2 days into flowering and this! Hydro

The method of watering will not mess up the roots. We just need to decide on the best way to handle what is going on. I would keep them in veg until they recover and hopefully by then you will have a plan in mind for the flower room. I am not a DWC guy nor have I done a flow n grow, I do grow in rock wool, but I use the little crutons for a medium not a solid block. In your flower room if the rock wool is constantly in water an never gets a chance to dry that is what the majority of your issue is. The rock wool needs to dry out. You can top feed them with as much water as you want at a time, the rock wool only holds so much water the rest can just flow back into your res buckets. But you need to let the rocknwool dry out somewhat before watering it again. Thats why I suggested a DWC/top feed hybrid. You may be able to let the roots grow out of the bottom of the pot into your buckets, but you need a way to keep the rock wool from sitting in the water. Even at that, the roots may wick enough water to keep the rock wool wet. That way you will not need to cut up the cube and your roots and you may be able to flower sooner as you wont have to wait for the root system to recover. I would try it with one plant first myself. Try a couple of different things in your flower room to let the rock wool dry out and see how the plant does. Otherwise your going to be looking at cutting up that cube.
 
I started that plant in a jiffy plug, then a 3"x3"x2.5" RW cube, then #1 pot, then #3 pot (pictured root mass), then a #5 pot.

The small cubes are grodan cubes, each is about the size of a crouton.

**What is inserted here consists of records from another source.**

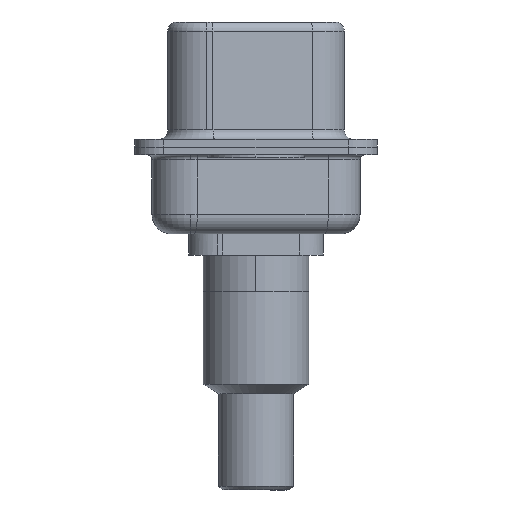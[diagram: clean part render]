
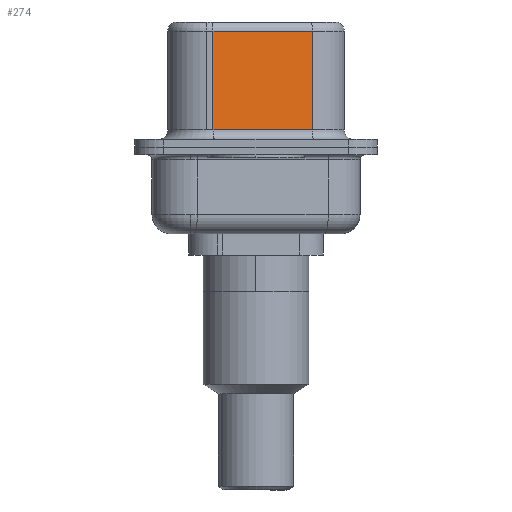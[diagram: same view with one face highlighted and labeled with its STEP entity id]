
A CAD part, left-side view. The second image highlights one B-rep face of the part: STEP entity #274.
In plain terms, the highlighted planar face has unit normal (-0.985, -0.174, 0).
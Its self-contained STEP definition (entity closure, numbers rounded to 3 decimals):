
#212 = LINE ( 'NONE', #11704, #700 ) ;
#274 = ADVANCED_FACE ( 'NONE', ( #16514 ), #5647, .F. ) ;
#634 = LINE ( 'NONE', #12770, #8283 ) ;
#700 = VECTOR ( 'NONE', #12500, 1000. ) ;
#938 = DIRECTION ( 'NONE',  ( -0.174, 0.985, 0. ) ) ;
#1723 = CARTESIAN_POINT ( 'NONE',  ( 3.655, 2.233, 6.52 ) ) ;
#2051 = EDGE_CURVE ( 'NONE', #8413, #9415, #212, .T. ) ;
#2335 = VECTOR ( 'NONE', #15169, 1000. ) ;
#2345 = ORIENTED_EDGE ( 'NONE', *, *, #2051, .T. ) ;
#2785 = LINE ( 'NONE', #1723, #2335 ) ;
#3562 = ORIENTED_EDGE ( 'NONE', *, *, #12680, .T. ) ;
#3884 = LINE ( 'NONE', #15710, #14965 ) ;
#5647 = PLANE ( 'NONE',  #9398 ) ;
#5656 = VERTEX_POINT ( 'NONE', #10249 ) ;
#6735 = VERTEX_POINT ( 'NONE', #15909 ) ;
#6967 = CARTESIAN_POINT ( 'NONE',  ( 3.655, 2.233, 0.9 ) ) ;
#7086 = CARTESIAN_POINT ( 'NONE',  ( 4.565, -2.927, 0.9 ) ) ;
#7325 = EDGE_CURVE ( 'NONE', #6735, #8413, #2785, .T. ) ;
#8032 = ORIENTED_EDGE ( 'NONE', *, *, #7325, .T. ) ;
#8283 = VECTOR ( 'NONE', #938, 1000. ) ;
#8413 = VERTEX_POINT ( 'NONE', #6967 ) ;
#9398 = AXIS2_PLACEMENT_3D ( 'NONE', #12527, #12651, #12774 ) ;
#9415 = VERTEX_POINT ( 'NONE', #7086 ) ;
#10249 = CARTESIAN_POINT ( 'NONE',  ( 4.565, -2.927, 6.02 ) ) ;
#10449 = EDGE_CURVE ( 'NONE', #5656, #9415, #3884, .T. ) ;
#11704 = CARTESIAN_POINT ( 'NONE',  ( 4.565, -2.927, 0.9 ) ) ;
#12500 = DIRECTION ( 'NONE',  ( 0.174, -0.985, 0. ) ) ;
#12527 = CARTESIAN_POINT ( 'NONE',  ( 4.565, -2.927, 6.52 ) ) ;
#12651 = DIRECTION ( 'NONE',  ( 0.985, 0.174, 0. ) ) ;
#12680 = EDGE_CURVE ( 'NONE', #5656, #6735, #634, .T. ) ;
#12770 = CARTESIAN_POINT ( 'NONE',  ( 4.565, -2.927, 6.02 ) ) ;
#12774 = DIRECTION ( 'NONE',  ( -0.174, 0.985, 0. ) ) ;
#13567 = ORIENTED_EDGE ( 'NONE', *, *, #10449, .F. ) ;
#14418 = DIRECTION ( 'NONE',  ( 0., 0., -1. ) ) ;
#14965 = VECTOR ( 'NONE', #14418, 1000. ) ;
#15169 = DIRECTION ( 'NONE',  ( 0., 0., -1. ) ) ;
#15710 = CARTESIAN_POINT ( 'NONE',  ( 4.565, -2.927, 6.52 ) ) ;
#15909 = CARTESIAN_POINT ( 'NONE',  ( 3.655, 2.233, 6.02 ) ) ;
#16514 = FACE_OUTER_BOUND ( 'NONE', #17021, .T. ) ;
#17021 = EDGE_LOOP ( 'NONE', ( #13567, #3562, #8032, #2345 ) ) ;

I water top down, not bottom up like a flood and drain table.
 
What would you suggest for lights? Ph is 5.5 to 5.8 and usually rides 5.6. What do you think it should be? Thanks for your input!
 
The method of watering will not mess up the roots. We just need to decide on the best way to handle what is going on. I would keep them in veg until they recover and hopefully by then you will have a plan in mind for the flower room. I am not a DWC guy nor have I done a flow n grow, I do grow in rock wool, but I use the little crutons for a medium not a solid block. In your flower room if the rock wool is constantly in water an never gets a chance to dry that is what the majority of your issue is. The rock wool needs to dry out. You can top feed them with as much water as you want at a time, the rock wool only holds so much water the rest can just flow back into your res buckets. But you need to let the rocknwool dry out somewhat before watering it again. Thats why I suggested a DWC/top feed hybrid. You may be able to let the roots grow out of the bottom of the pot into your buckets, but you need a way to keep the rock wool from sitting in the water. Even at that, the roots may wick enough water to keep the rock wool wet. That way you will not need to cut up the cube and your roots and you may be able to flower sooner as you wont have to wait for the root system to recover. I would try it with one plant first myself. Try a couple of different things in your flower room to let the rock wool dry out and see how the plant does. Otherwise your going to be looking at cutting up that cube.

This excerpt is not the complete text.